A synthetic mixture, containing known amounts of trimellitic acid and trirnesic acid, was prepared to be a duplicate of this mixture. It had the following composition: Trimesic acid (2.4 moles) 5.279 parts by weight Trimellitic acid (4.7 moles) 10.088 »15.367 parts by weight 10 de-Jar (9.8 moles) of acetic anhydride and 125 parts of xylene were added to facilitate dehydration. The mixture was boiled one. hour at atmospheric pressure.

The material in the digester was removed and filtered at the boiling point to separate the insoluble trimesic acid.
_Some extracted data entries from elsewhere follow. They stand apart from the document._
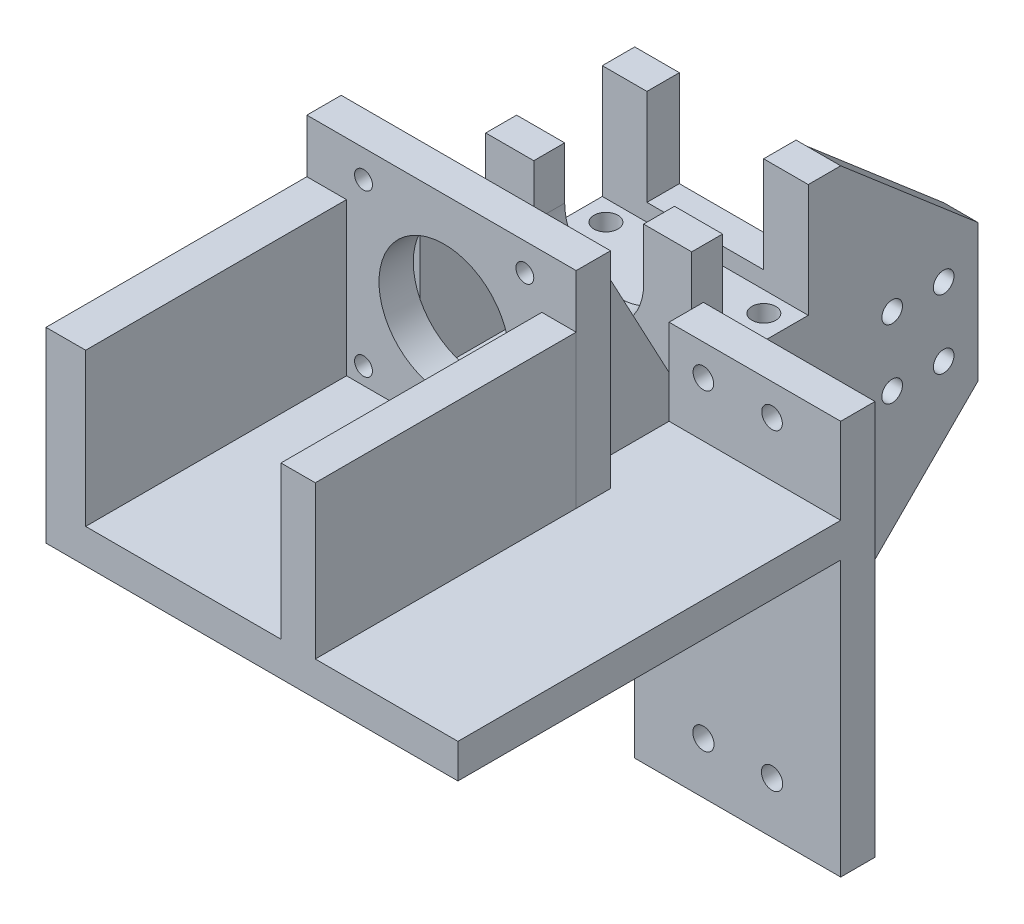
SolidWorks part; units mm, degrees
ref_plane "Front Plane" through (0, 0, 0) normal (0, 0, 1) x (1, 0, 0)
ref_plane "Top Plane" through (0, 0, 0) normal (0, 1, 0) x (1, 0, 0)
ref_plane "Right Plane" through (0, 0, 0) normal (1, 0, 0) x (0, 0, -1)
sketch "Sketch1" plane through (0, 0, 0) normal (0, 1, 0) x (1, 0, 0)
  line L0 (0, 0) -> (0, 161.51)
  line L1 (0, 161.51) -> (60, 161.51)
  line L2 (60, 161.51) -> (60, 121.51)
  line L3 (60, 121.51) -> (110, 121.51)
  line L4 (110, 121.51) -> (110, 0)
  line L5 (110, 0) -> (0, 0)
  dimension "D1" = 161.51
  dimension "D2" = 60
  dimension "D3" = 50
  dimension "D4" = 121.51
extrude "Boss-Extrude1" add sketch "Sketch1" along normal blind 10
sketch "Sketch2" plane through (0, 10, 0) normal (0, 1, 0) x (1, 0, 0)
  line L0 (0, 161.51) -> (0, 0) construction
  line L1 (0, 152.1) -> (60, 152.1)
  line L2 (0, 152.1) -> (0, 127.1)
  line L3 (0, 127.1) -> (60, 127.1)
  line L4 (60, 152.1) -> (60, 127.1)
  line L5 (60, 121.51) -> (60, 161.51) construction
  line L6 (60, 161.51) -> (0, 161.51) construction
  dimension "D1" = 9.41
  dimension "D2" = 25
extrude "Boss-Extrude2" add sketch "Sketch2" along normal blind 6.45
sketch "Sketch3" plane through (0, 10, 0) normal (0, 1, 0) x (1, 0, 0)
  line L0 (60, 152.1) -> (60, 161.51) construction
  line L1 (0, 161.51) -> (60, 161.51)
  line L2 (0, 161.51) -> (0, 152.06)
  line L3 (0, 152.06) -> (60, 152.06)
  line L4 (60, 161.51) -> (60, 152.06)
  dimension "D1" = 9.45
extrude "Boss-Extrude3" add sketch "Sketch3" along normal blind 39.45
sketch "Sketch4" plane through (0, 0, -161.51) normal (0, 0, -1) x (-1, 0, 0)
  line L0 (-60, 49.45) -> (0, 49.45) construction
  line L1 (-47, 49.45) -> (-13, 49.45)
  line L2 (-47, 49.45) -> (-47, 21.45)
  line L3 (-47, 21.45) -> (-13, 21.45)
  line L4 (-13, 49.45) -> (-13, 21.45)
  line L5 (-60, 49.45) -> (-60, 0) construction
  line L6 (0, 49.45) -> (0, 0) construction
  dimension "D1" = 13
  dimension "D2" = 13
  dimension "D3" = 28
extrude "Cut-Extrude1" cut sketch "Sketch4" against normal blind 9.45
sketch "Sketch5" plane through (0, 10, 0) normal (0, 1, 0) x (1, 0, 0)
  line L0 (60, 127.1) -> (60, 152.06) construction
  line L1 (0, 127.1) -> (60, 127.1)
  line L2 (0, 127.1) -> (0, 118.1)
  line L3 (0, 118.1) -> (60, 118.1)
  line L4 (60, 127.1) -> (60, 118.1)
  dimension "D1" = 9
extrude "Boss-Extrude4" add sketch "Sketch5" along normal blind 39.45
sketch "Sketch6" plane through (0, 0, -118.1) normal (0, 0, 1) x (1, 0, 0)
  line L0 (30, 49.45) -> (30, 10) construction
  line L1 (0, 49.45) -> (60, 49.45) construction
  line L2 (0, 10) -> (60, 10) construction
  line L3 (14, 34.24) -> (14, 49.45)
  line L4 (14, 49.45) -> (46, 49.45)
  line L5 (46, 49.45) -> (46, 34.24)
  arc A0 (14, 34.24) -> (46, 34.24) centre (30, 34.24) ccw
  point P9 (0, 0)
  dimension "D1" = 16
  dimension "D2" = 15.21
extrude "Cut-Extrude2" cut sketch "Sketch6" against normal up to next
sketch "Sketch7" plane through (0, 0, 0) normal (0, -1, 0) x (1, 0, 0)
  line L0 (110, -111.51) -> (50, -111.51)
  line L1 (110, 0) -> (110, -121.51) construction
  line L2 (50, -111.51) -> (50, -161.51)
  line L3 (60, -161.51) -> (0, -161.51) construction
  line L4 (50, -161.51) -> (60, -161.51)
  line L5 (60, -161.51) -> (60, -121.51)
  line L6 (60, -121.51) -> (110, -121.51)
  line L7 (110, -121.51) -> (110, -111.51)
  dimension "D1" = 10
  dimension "D2" = 10
extrude "Boss-Extrude5" add sketch "Sketch7" along normal blind 80
sketch "Sketch8" plane through (0, 0, 0) normal (-1, 0, 0) x (0, 0, 1)
  line L0 (-161.51, 0) -> (0, 0) construction
  line L1 (-75.9971, 0) -> (0, 0)
  line L2 (-75.9971, 0) -> (-75.9971, 54.4584)
  line L3 (-75.9971, 54.4584) -> (0, 54.4584)
  line L4 (0, 0) -> (0, 54.4584)
  line L5 (0, 10) -> (0, 0) construction
  dimension "D1" = 75.9971
extrude "Boss-Extrude6" add sketch "Sketch8" along normal blind 10
sketch "Sketch9" plane through (0, 10, 0) normal (0, 1, 0) x (1, 0, 0)
  line L0 (0, 0) -> (110, 0) construction
  line L1 (58.45, 75.9971) -> (68.45, 75.9971)
  line L2 (58.45, 75.9971) -> (58.45, 0)
  line L3 (58.45, 0) -> (68.45, 0)
  line L4 (68.45, 75.9971) -> (68.45, 0)
  line L5 (0, 0) -> (0, 75.9971) construction
  line L6 (-10, 75.9971) -> (0, 75.9971) construction
  dimension "D1" = 58.45
  dimension "D2" = 10
extrude "Boss-Extrude7" add sketch "Sketch9" along normal blind 44.46
sketch "Sketch17" plane through (0, 10, 0) normal (0, 1, 0) x (1, 0, 0)
  line L0 (0, 0) -> (58.45, 0) construction
  line L1 (68.45, 86) -> (-10, 86)
  line L2 (68.45, 86) -> (68.45, 76)
  line L3 (68.45, 76) -> (-10, 76)
  line L4 (-10, 86) -> (-10, 76)
  line L5 (-10, 0) -> (-10, 75.9971) construction
  dimension "D1" = 78.45
  dimension "D2" = 10
  dimension "D3" = 76
  dimension "D4" = 78.45
extrude "Boss-Extrude27" add sketch "Sketch17" along normal blind 60
sketch "Sketch19" plane through (0, 0, -86) normal (0, 0, -1) x (-1, 0, 0)
  line L0 (0, 10) -> (10, 10) construction
  line L1 (0, 70) -> (-2.5, 70)
  line L2 (0, 70) -> (0, 10)
  line L3 (0, 10) -> (-2.5, 10)
  line L4 (-2.5, 70) -> (-2.5, 10)
  line L5 (10, 70) -> (10, 10) construction
  line L6 (-68.45, 70) -> (10, 70) construction
  line L7 (-13, 70) -> (-10.5, 70)
  line L8 (-13, 70) -> (-13, 10)
  line L9 (-13, 10) -> (-10.5, 10)
  line L10 (-10.5, 70) -> (-10.5, 10)
  line L12 (-47, 70) -> (-49.5, 70)
  line L13 (-47, 70) -> (-47, 10)
  line L14 (-47, 10) -> (-49.5, 10)
  line L15 (-49.5, 70) -> (-49.5, 10)
  line L16 (-57.5, 70) -> (-60, 70)
  line L17 (-57.5, 70) -> (-57.5, 10)
  line L18 (-57.5, 10) -> (-60, 10)
  line L19 (-60, 70) -> (-60, 10)
  dimension "D1" = 10
  dimension "D2" = 2.5
  dimension "D3" = 60
  dimension "D4" = 8
  dimension "D5" = 2.5
  dimension "D6" = 60
  dimension "D7" = 2.5
  dimension "D8" = 8
  dimension "D9" = 2.5
  dimension "D10" = 60
  dimension "D11" = 60
  dimension "D12" = 34
extrude "Boss-Extrude31" add sketch "Sketch19" along normal blind 32
sketch "Sketch20" plane through (0, 0, 0) normal (1, 0, 0) x (0, 0, -1)
  line L1 (0, 54.4584) -> (75.9971, 54.4584)
  line L2 (0, 54.4584) -> (0, 10)
  line L3 (0, 10) -> (75.9971, 10)
  line L4 (75.9971, 54.4584) -> (75.9971, 10)
extrude "Boss-Extrude32" add sketch "Sketch20" along normal blind 1.55
sketch "Sketch21" plane through (0, 0, -76) normal (0, 0, 1) x (1, 0, 0)
  line L0 (-10, 70) -> (-10, 10) construction
  line L1 (-10, 70) -> (68.45, 70) construction
  line L2 (53.5, 61.95) -> (6.5, 14.95) construction
  line L3 (53.5, 14.95) -> (6.5, 61.95) construction
  circle A0 centre (6.5, 61.95) radius 2.6
  circle A1 centre (53.5, 61.95) radius 2.6
  circle A2 centre (53.5, 14.95) radius 2.6
  circle A3 centre (6.5, 14.95) radius 2.6
  circle A4 centre (30, 38.45) radius 19
  dimension "D5" = 5.2
  dimension "D6" = 38
  dimension "D1" = 16.5
  dimension "D2" = 8.05
  dimension "D3" = 47
  dimension "D4" = 47
extrude "Cut-Extrude3" cut sketch "Sketch21" against normal blind 10
sketch "Sketch22" plane through (0, 0, 0) normal (0, -1, 0) x (1, 0, 0)
  line L0 (50, -161.51) -> (0, -161.51) construction
  line L1 (0, -161.51) -> (0, -75.9971) construction
  circle A0 centre (7.02, -146.1) radius 3.5
  circle A1 centre (7.02, -133) radius 3.5
  circle A2 centre (53.02, -146.1) radius 3.5
  circle A3 centre (53.02, -133) radius 3.5
  point P8 (0, 0)
  point P9 (0, 0)
  point P10 (0, 0)
  point P11 (0, 0)
  point P12 (0, 0)
  point P13 (0, 0)
  dimension "D4" = 7
  dimension "D1" = 13.1
  dimension "D2" = 15.41
  dimension "D3" = 7.02
  dimension "D5" = 46
extrude "Cut-Extrude4" cut sketch "Sketch22" against normal up to next
sketch "Sketch23" plane through (50, 0, 0) normal (-1, 0, 0) x (0, 0, 1)
  line L0 (-147.8691, 0) -> (-161.51, 0) construction
  line L1 (-153.1, 0) -> (-126.1, 0)
  line L2 (-153.1, 0) -> (-153.1, -6)
  line L3 (-153.1, -6) -> (-126.1, -6)
  line L4 (-126.1, 0) -> (-126.1, -6)
  line L10 (-161.51, -80) -> (-161.51, 0) construction
  dimension "D1" = 27
  dimension "D2" = 8.41
  dimension "D3" = 6
extrude "Cut-Extrude5" cut sketch "Sketch23" against normal up to next
sketch "Sketch24" plane through (50, 0, 0) normal (-1, 0, 0) x (0, 0, 1)
  line L0 (-161.51, -80) -> (-161.51, 0) construction
  line L1 (-111.51, -80) -> (-111.51, 0) construction
  line L2 (-111.51, -80) -> (-161.51, -80) construction
  circle A0 centre (-151.51, -15) radius 3.1
  circle A1 centre (-151.51, -65) radius 3.1
  circle A2 centre (-131.51, -15) radius 3.1
  circle A3 centre (-131.51, -65) radius 3.1
  point P10 (0, 0)
  point P11 (0, 0)
  point P12 (0, 0)
  dimension "D5" = 6.2
  dimension "D1" = 10
  dimension "D2" = 20
  dimension "D3" = 15
  dimension "D4" = 50
extrude "Cut-Extrude6" cut sketch "Sketch24" against normal up to next
sketch "Sketch25" plane through (0, 0, -111.51) normal (0, 0, 1) x (1, 0, 0)
  line L0 (50, -80) -> (50, 0) construction
  line L1 (110, -80) -> (50, -80) construction
  circle A0 centre (70, -15) radius 3.1
  circle A1 centre (90, -15) radius 3.1
  circle A2 centre (70, -65) radius 3.1
  circle A3 centre (90, -65) radius 3.1
  point P8 (0, 0)
  point P9 (0, 0)
  point P10 (0, 0)
  point P11 (0, 0)
  dimension "D5" = 6.2
  dimension "D1" = 20
  dimension "D2" = 20
  dimension "D3" = 15
  dimension "D4" = 50
extrude "Cut-Extrude7" cut sketch "Sketch25" against normal up to next
sketch "Sketch26" plane through (0, 0, 0) normal (-1, 0, 0) x (0, 0, 1)
  line L2 (-118.1, 10) -> (-86, 70)
  line L3 (-86, 70) -> (-118, 70)
  line L4 (-118, 70) -> (-118.1, 10)
extrude "Cut-Extrude10" cut sketch "Sketch26" against normal blind 70
sketch "Sketch27" plane through (0, 10, 0) normal (0, 1, 0) x (1, 0, 0)
  line L0 (60, 118) -> (60, 86) construction
  line L1 (110, 121.51) -> (60, 121.51)
  line L2 (110, 121.51) -> (110, 111.51)
  line L3 (110, 111.51) -> (60, 111.51)
  line L4 (60, 121.51) -> (60, 111.51)
  dimension "D1" = 10
extrude "Boss-Extrude33" add sketch "Sketch27" along normal blind 25
sketch "Sketch28" plane through (0, 0, -111.51) normal (0, 0, 1) x (1, 0, 0)
  line L0 (110, 35) -> (110, 10) construction
  line L1 (60, 35) -> (110, 35) construction
  circle A0 centre (90, 25.935) radius 3
  circle A1 centre (70, 25.935) radius 3
  point P4 (0, 0)
  point P5 (0, 0)
  dimension "D1" = 6
  dimension "D2" = 20
  dimension "D3" = 20
  dimension "D4" = 9.065
extrude "Cut-Extrude11" cut sketch "Sketch28" against normal up to next
sketch "Sketch29" plane through (0, 0, -161.51) normal (0, 0, -1) x (-1, 0, 0)
  line L0 (-60, 49.45) -> (-60, -80) construction
  line L1 (-60, 15.15) -> (-50, 15.15)
  line L2 (-60, 15.15) -> (-60, -24.85)
  line L3 (-60, -24.85) -> (-50, -24.85)
  line L4 (-50, 15.15) -> (-50, -24.85)
  line L5 (-50, -80) -> (-50, 0) construction
  line L6 (-60, 49.45) -> (-47, 49.45) construction
  dimension "D1" = 40
  dimension "D2" = 34.3
extrude "Boss-Extrude34" add sketch "Sketch29" along normal blind 40
sketch "Sketch30" plane through (50, 0, 0) normal (-1, 0, 0) x (0, 0, 1)
  line L0 (-201.51, 15.15) -> (-161.51, 15.15) construction
  line L1 (-201.51, -24.85) -> (-161.51, -24.85) construction
  line L2 (-201.51, -24.85) -> (-201.51, 15.15) construction
  circle A0 centre (-191.51, 5.15) radius 3
  circle A1 centre (-176.51, 5.15) radius 3
  circle A2 centre (-191.51, -14.85) radius 3
  circle A3 centre (-176.51, -14.85) radius 3
  point P8 (0, 0)
  point P9 (0, 0)
  point P10 (0, 0)
  point P11 (0, 0)
  dimension "D1" = 6
  dimension "D2" = 10
  dimension "D3" = 10
  dimension "D4" = 10
  dimension "D5" = 15
extrude "Cut-Extrude12" cut sketch "Sketch30" against normal up to next
sketch "Sketch31" plane through (50, 0, 0) normal (-1, 0, 0) x (0, 0, 1)
  line L0 (-161.51, 15.15) -> (-161.51, 49.45)
  line L1 (-161.51, 49.45) -> (-201.51, 15.15)
  line L2 (-201.51, 15.15) -> (-161.51, 15.15)
  line L3 (-161.51, -24.85) -> (-201.51, -24.85)
  line L4 (-201.51, -24.85) -> (-161.51, -64.85)
  line L5 (-161.51, -80) -> (-161.51, -24.85) construction
  line L6 (-161.51, -64.85) -> (-161.51, -24.85)
  dimension "D1" = 45
extrude "Boss-Extrude35" add sketch "Sketch31" against normal blind 10

After drying the trimesic acid, it weighed 5,237 parts by weight and had an acid number of 802 (theoretical 801), corresponding to a degree of separation of over 99%. An infrared analysis did not even show the presence of sparse trimellitic acid or trimellitic anhydride.

From the above description and examples it is clear that the present process completely meets the above requirements and enables an almost quantitative separation of benzene polycarboxylic acids, which can form intramolecular anhydrides, from such benzene polycarboxylic acids, which cannot form anhydrides of delta kinds.

Claims (6)

Patent claim Ak: A process for separating a mixture containing benzene polycarboxylic acids, at least one but not all of which may form an intramolecular anhydride, may be characterized in that the mixture is heated to dehydrate the benzene polycarboxylic acid which may form the intramolecular anhydride. from the mixture with an aromatic solvent and isolate the extracted benzene polycarboxylic anhydride. 2. Process according to claim 1, characterized in that the aromatic solvent consists of a mixture of alkyl-substituted aromatic compounds, which can be oxidized to said mixture of benzene polycarboxylic acids. 3. A process according to claim 1, characterized in that the anhydride is extracted at elevated temperature and isolated by cooling the extract and crystallizing the benzene polycarboxylic anhydride therefrom. 4. A process according to claim 1, characterized in that the mixture consisting of benzene polycarboxylic acids constitutes at least part of the products obtained by oxidation of alkyl-substituted aromatic compounds with a boiling range of about 164 to 179 ° C, and from the isolated anhydride of trimellitic anhydride. 5. A process for separating a mixture consisting of benzoic acid and benzene polycarboxylic acids, according to claim 1, characterized in that benzoic acid is extracted from the mixture with an aromatic solvent at a temperature below the dehydration temperature, whereby a first raffinate is obtained. dehydration of the benzene polycarboxylic acid, which can form the intramolecular anhydride, extracts the anhydride from the first raffinate with an aromatic solvent and isolates the benzene polycarbonic anhydride from the extract. 6. A process according to claim 5, characterized in that the mixture consisting of benzoic acid and benzene polycarboxylic acids constitutes at least part of the products obtained by oxidation of alkyl-substituted aromatic compounds with a boiling range between about 136 and 145 ° C, and that the isolated anhydride consists of phthalic anhydride. Request publications: Patents from Germany 948 503; USA. 2 741 63 3.